** YOUR ASSIGNMENT **
Give back exactly the lines of the entries below from the line with "55.6l-23.9 14.1-12.1 6.9-12" to the line with "54.9l-36 21.2-12 6.4-10.5", inclusive, and only those.

** GIVEN RECORDS **
------------------------------------------------
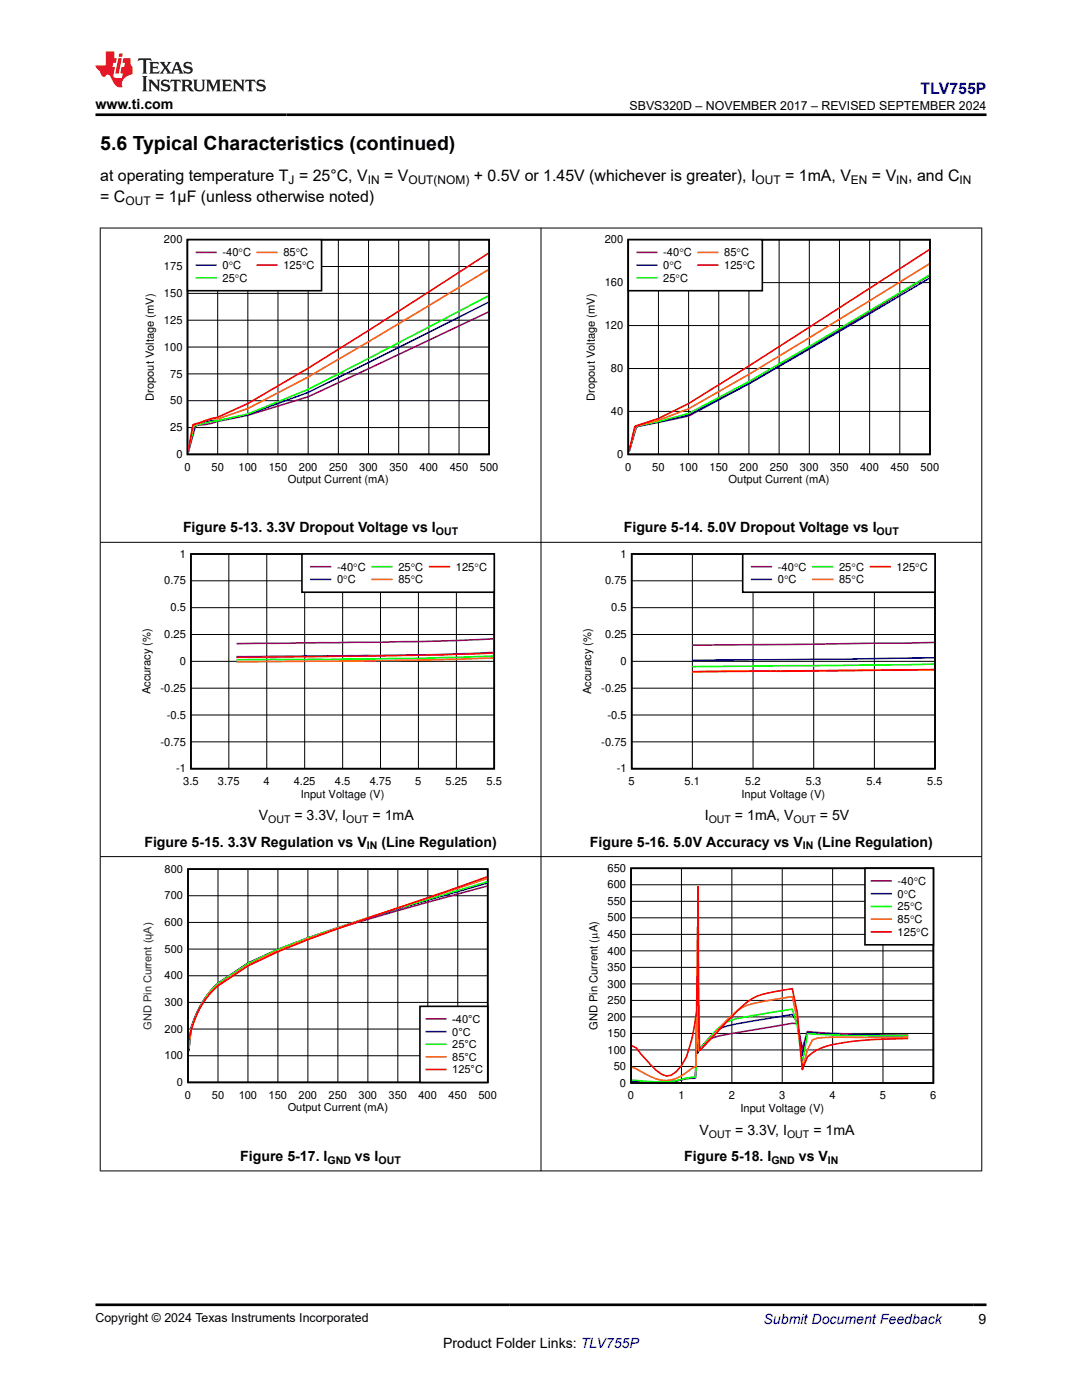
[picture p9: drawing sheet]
<svg xmlns="http://www.w3.org/2000/svg" width="216mm" height="279mm" viewBox="0 0 216 279" stroke-linecap="round" stroke-linejoin="round" font-family="sans-serif">
<path d="M37.4 47.8h60.2v42.9h-60.2z" fill="none" stroke="#000" stroke-width=".32"/>
<g fill="none" stroke="#000" stroke-width=".2">
<path d="M37.4 58.6h60.2M37.4 53.2h60.2M43.4 47.8v42.9M49.5 47.8v42.9M55.5 47.8v42.9M61.5 47.8v42.9M67.5 47.8v42.9M73.5 47.8v42.9M79.6 47.8v42.9M85.6 47.8v42.9M91.6 47.8v42.9M37.4 80h60.2"/>
<path d="M37.4 74.6h60.2M37.4 69.3h60.2M37.4 63.9h60.2M37.4 85.3h60.2"/>
</g>
<path d="M97.5 62.3l-36 16.9-12 3.7-6.1 1.2a11.6 11.6 0 0 1-3.7 .7l-.7 .3-1.4 5.1" fill="none" stroke="#7f007f" stroke-width=".32"/>
<path d="M97.5 60.3l-36 18-12 4.4-6.1 1.3a6.9 6.9 0 0 0-3.7 .8 .99 .99 0 0 0-1 .6l-1.1 4.8" fill="none" stroke="#00f" stroke-width=".32"/>
<path d="M97.5 59l-36 18.7-12 4.9-10.8 2.4-1.1 5.2" fill="none" stroke="#01ff00" stroke-width=".32"/>
<path d="M97.5 53.8l-24 14.4-12 7-12 6.3-6.1 2.1h-1.2l-2.7 1a1.08 1.08 0 0 0-1 .6l-.9 4.9" fill="none" stroke="#ff6500" stroke-width=".32"/>
<path d="M97.5 50.5l-24 15.4-12 7.6-12 7-6.1 2.8-1.2 .2-3.7 1.3-.9 5.2" fill="none" stroke="#f00" stroke-width=".32"/>
<path d="M37.4 47.8h26.8v10.2h-26.8z" fill-rule="evenodd" fill="#fff"/>
<path d="M37.4 47.8h26.8v10.2h-26.8z" fill="none" stroke="#000" stroke-width=".32"/>
<path d="M39.2 50.4h3.9" fill="none" stroke="#7f007f" stroke-width=".32"/>
<path d="M39.2 52.9h3.9" fill="none" stroke="#00f" stroke-width=".32"/>
<path d="M39.2 55.4h3.9" fill="none" stroke="#01ff00" stroke-width=".32"/>
<path d="M51.3 50.4h3.9" fill="none" stroke="#ff6500" stroke-width=".32"/>
<path d="M51.3 52.9h3.9" fill="none" stroke="#f00" stroke-width=".32"/>
<path d="M116.5 46.9h70.9v50.1h-70.9z" fill-rule="evenodd" fill="#fff"/>
<path d="M125.4 47.8h60.2v42.9h-60.2z" fill="none" stroke="#000" stroke-width=".32"/>
<g fill="none" stroke="#000" stroke-width=".2">
<path d="M125.4 56.4h60.2M131.4 47.8v42.9M137.4 47.8v42.9M143.4 47.8v42.9M149.4 47.8v42.9M155.5 47.8v42.9M161.5 47.8v42.9M167.5 47.8v42.9M173.5 47.8v42.9M179.5 47.8v42.9M125.4 73.5h60.2M125.4 65h60.2"/>
<path d="M125.4 82.1h60.2"/>
</g>
<path d="M185.4 55l-11.9 7.3-24.1 14.3-12 6.4-10.2 2.2-.3 .2-1.4 4.8" fill="none" stroke="#7f007f" stroke-width=".32"/>
<path d="M185.4 55.6l-23.9 14.1-12.1 6.9-12 6.3-10.2 2.2-.3 .2-1.4 4.9" fill="none" stroke="#00f" stroke-width=".32"/>
<path d="M185.4 54.9l-36 21.2-12 6.4-10.5 2.6-1.4 5" fill="none" stroke="#01ff00" stroke-width=".32"/>
<path d="M185.4 52.7l-36 22-12 6.9-6 2.3-3.7 1a1.1 1.1 0 0 0-1 .6l-1.2 4.6" fill="none" stroke="#ff6500" stroke-width=".32"/>
<path d="M185.4 49.8l-36 23.2-12 7.5a51.7 51.7 0 0 1-10 4.3l-.7 .3-1.2 4.9" fill="none" stroke="#f00" stroke-width=".32"/>
<path d="M125.4 47.8h26.7v10.2h-26.7z" fill-rule="evenodd" fill="#fff"/>
<path d="M125.4 47.8h26.7v10.2h-26.7z" fill="none" stroke="#000" stroke-width=".32"/>
<path d="M127.1 50.4h3.9" fill="none" stroke="#7f007f" stroke-width=".32"/>
<path d="M127.1 52.9h3.9" fill="none" stroke="#00f" stroke-width=".32"/>
<path d="M127.1 55.4h3.9" fill="none" stroke="#01ff00" stroke-width=".32"/>
<path d="M139.3 50.4h3.9" fill="none" stroke="#ff6500" stroke-width=".32"/>
<path d="M139.3 52.9h3.9" fill="none" stroke="#f00" stroke-width=".32"/>
<path d="M27.9 109.7h72.2v50h-72.2z" fill-rule="evenodd" fill="#fff"/>
<path d="M38.1 110.6h60.5v42.8h-60.5z" fill="none" stroke="#000" stroke-width=".32"/>
<g fill="none" stroke="#000" stroke-width=".2">
<path d="M38.1 115.9h60.5M45.7 110.6v42.8M53.2 110.6v42.8M60.8 110.6v42.8M68.4 110.6v42.8M75.9 110.6v42.8M83.5 110.6v42.8M91.1 110.6v42.8M38.1 137.3h60.5M38.1 132h60.5M38.1 126.6h60.5M38.1 121.3h60.5"/>
<path d="M38.1 148.1h60.5M38.1 142.7h60.5"/>
</g>
<path d="M98.5 127.5l-15 .5-36.3 .5" fill="none" stroke="#7f007f" stroke-width=".32"/>
<path d="M98.5 130.2l-19.5 .6-31.8 .3" fill="none" stroke="#00f" stroke-width=".32"/>
<path d="M98.5 130.9l-16.5 .5-34.8 .3" fill="none" stroke="#01ff00" stroke-width=".32"/>
<path d="M98.5 131.3l-18 .5-33.3 .3" fill="none" stroke="#ff6500" stroke-width=".32"/>
<path d="M98.5 130.3l-16.5 .5-34.8 .4" fill="none" stroke="#f00" stroke-width=".32"/>
<path d="M60.2 110.6h38.4v7.6h-38.4z" fill-rule="evenodd" fill="#fff"/>
<path d="M60.2 110.6h38.4v7.6h-38.4z" fill="none" stroke="#000" stroke-width=".32"/>
<path d="M62 113.1h4" fill="none" stroke="#7f007f" stroke-width=".32"/>
<path d="M62 115.6h4" fill="none" stroke="#00f" stroke-width=".32"/>
<path d="M74.3 113.1h3.9" fill="none" stroke="#01ff00" stroke-width=".32"/>
<path d="M74.3 115.6h3.9" fill="none" stroke="#ff6500" stroke-width=".32"/>
<path d="M85.7 113.1h4" fill="none" stroke="#f00" stroke-width=".32"/>
<path d="M115.8 109.7h72.3v50h-72.3z" fill-rule="evenodd" fill="#fff"/>
<path d="M126 110.6h60.6v42.8h-60.6z" fill="none" stroke="#000" stroke-width=".32"/>
<path d="M126 115.9h60.6M138.2 110.6v42.8M150.3 110.6v42.8M162.4 110.6v42.8M174.5 110.6v42.8M126 137.3h60.6M126 132h60.6M126 126.6h60.6M126 121.3h60.6M126 148.1h60.6M126 142.7h60.6" fill="none" stroke="#000" stroke-width=".2"/>
<path d="M186.4 128.2l-48.2 .5" fill="none" stroke="#7f007f" stroke-width=".32"/>
<path d="M186.4 131.3l-48.2 .5" fill="none" stroke="#00f" stroke-width=".32"/>
<path d="M186.4 132.5l-48.2 .5" fill="none" stroke="#01ff00" stroke-width=".32"/>
<path d="M186.4 133.6l-48.2 .5" fill="none" stroke="#ff6500" stroke-width=".32"/>
<path d="M186.4 133.7l-48.2 .4" fill="none" stroke="#f00" stroke-width=".32"/>
<path d="M148.2 110.6h38.4v7.6h-38.4z" fill-rule="evenodd" fill="#fff"/>
<path d="M148.2 110.6h38.4v7.6h-38.4z" fill="none" stroke="#000" stroke-width=".32"/>
<path d="M150 113.1h3.9" fill="none" stroke="#7f007f" stroke-width=".32"/>
<path d="M150 115.6h3.9" fill="none" stroke="#00f" stroke-width=".32"/>
<path d="M162.2 113.1h3.9" fill="none" stroke="#01ff00" stroke-width=".32"/>
<path d="M162.2 115.6h3.9" fill="none" stroke="#ff6500" stroke-width=".32"/>
<path d="M173.7 113.1h3.9" fill="none" stroke="#f00" stroke-width=".32"/>
<path d="M28.8 172.6h70.3v49.7h-70.3z" fill-rule="evenodd" fill="#fff"/>
<path d="M37.5 173.4h59.8v42.6h-59.8z" fill="none" stroke="#000" stroke-width=".32"/>
<g fill="none" stroke="#000" stroke-width=".2">
<path d="M37.5 178.8h59.8M43.5 173.4v42.6M49.5 173.4v42.6M55.5 173.4v42.6M61.4 173.4v42.6M67.4 173.4v42.6M73.4 173.4v42.6M79.4 173.4v42.6M85.4 173.4v42.6M91.3 173.4v42.6M37.5 194.7h59.8M37.5 189.4h59.8"/>
<path d="M37.5 184.1h59.8M37.5 210.7h59.8M37.5 205.4h59.8M37.5 200.1h59.8"/>
</g>
<path d="M97.2 176.8l-11.8 3.3a336.9 336.9 0 0 0-29.9 9.4l-6 2.7-6 4a19.3 19.3 0 0 0-5.4 8.9l-.4 4.7" fill="none" stroke="#7f007f" stroke-width=".32"/>
<path d="M97.2 176.3l-11.8 3.4a363.3 363.3 0 0 0-29.9 9.8l-6 2.7-6 4a18.8 18.8 0 0 0-5.4 9.1l-.4 4.4" fill="none" stroke="#00f" stroke-width=".32"/>
<path d="M97.2 176l-11.8 3.5a371.6 371.6 0 0 0-29.9 10l-6 2.8-6 4a18.2 18.2 0 0 0-5.4 9l-.4 4.1" fill="none" stroke="#01ff00" stroke-width=".32"/>
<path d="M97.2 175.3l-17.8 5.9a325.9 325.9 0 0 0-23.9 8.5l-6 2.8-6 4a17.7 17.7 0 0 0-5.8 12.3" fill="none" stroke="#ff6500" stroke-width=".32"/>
------------------------------------------------
** YOUR RESPONSE **
<path d="M185.4 55.6l-23.9 14.1-12.1 6.9-12 6.3-10.2 2.2-.3 .2-1.4 4.9" fill="none" stroke="#00f" stroke-width=".32"/>
<path d="M185.4 54.9l-36 21.2-12 6.4-10.5 2.6-1.4 5" fill="none" stroke="#01ff00" stroke-width=".32"/>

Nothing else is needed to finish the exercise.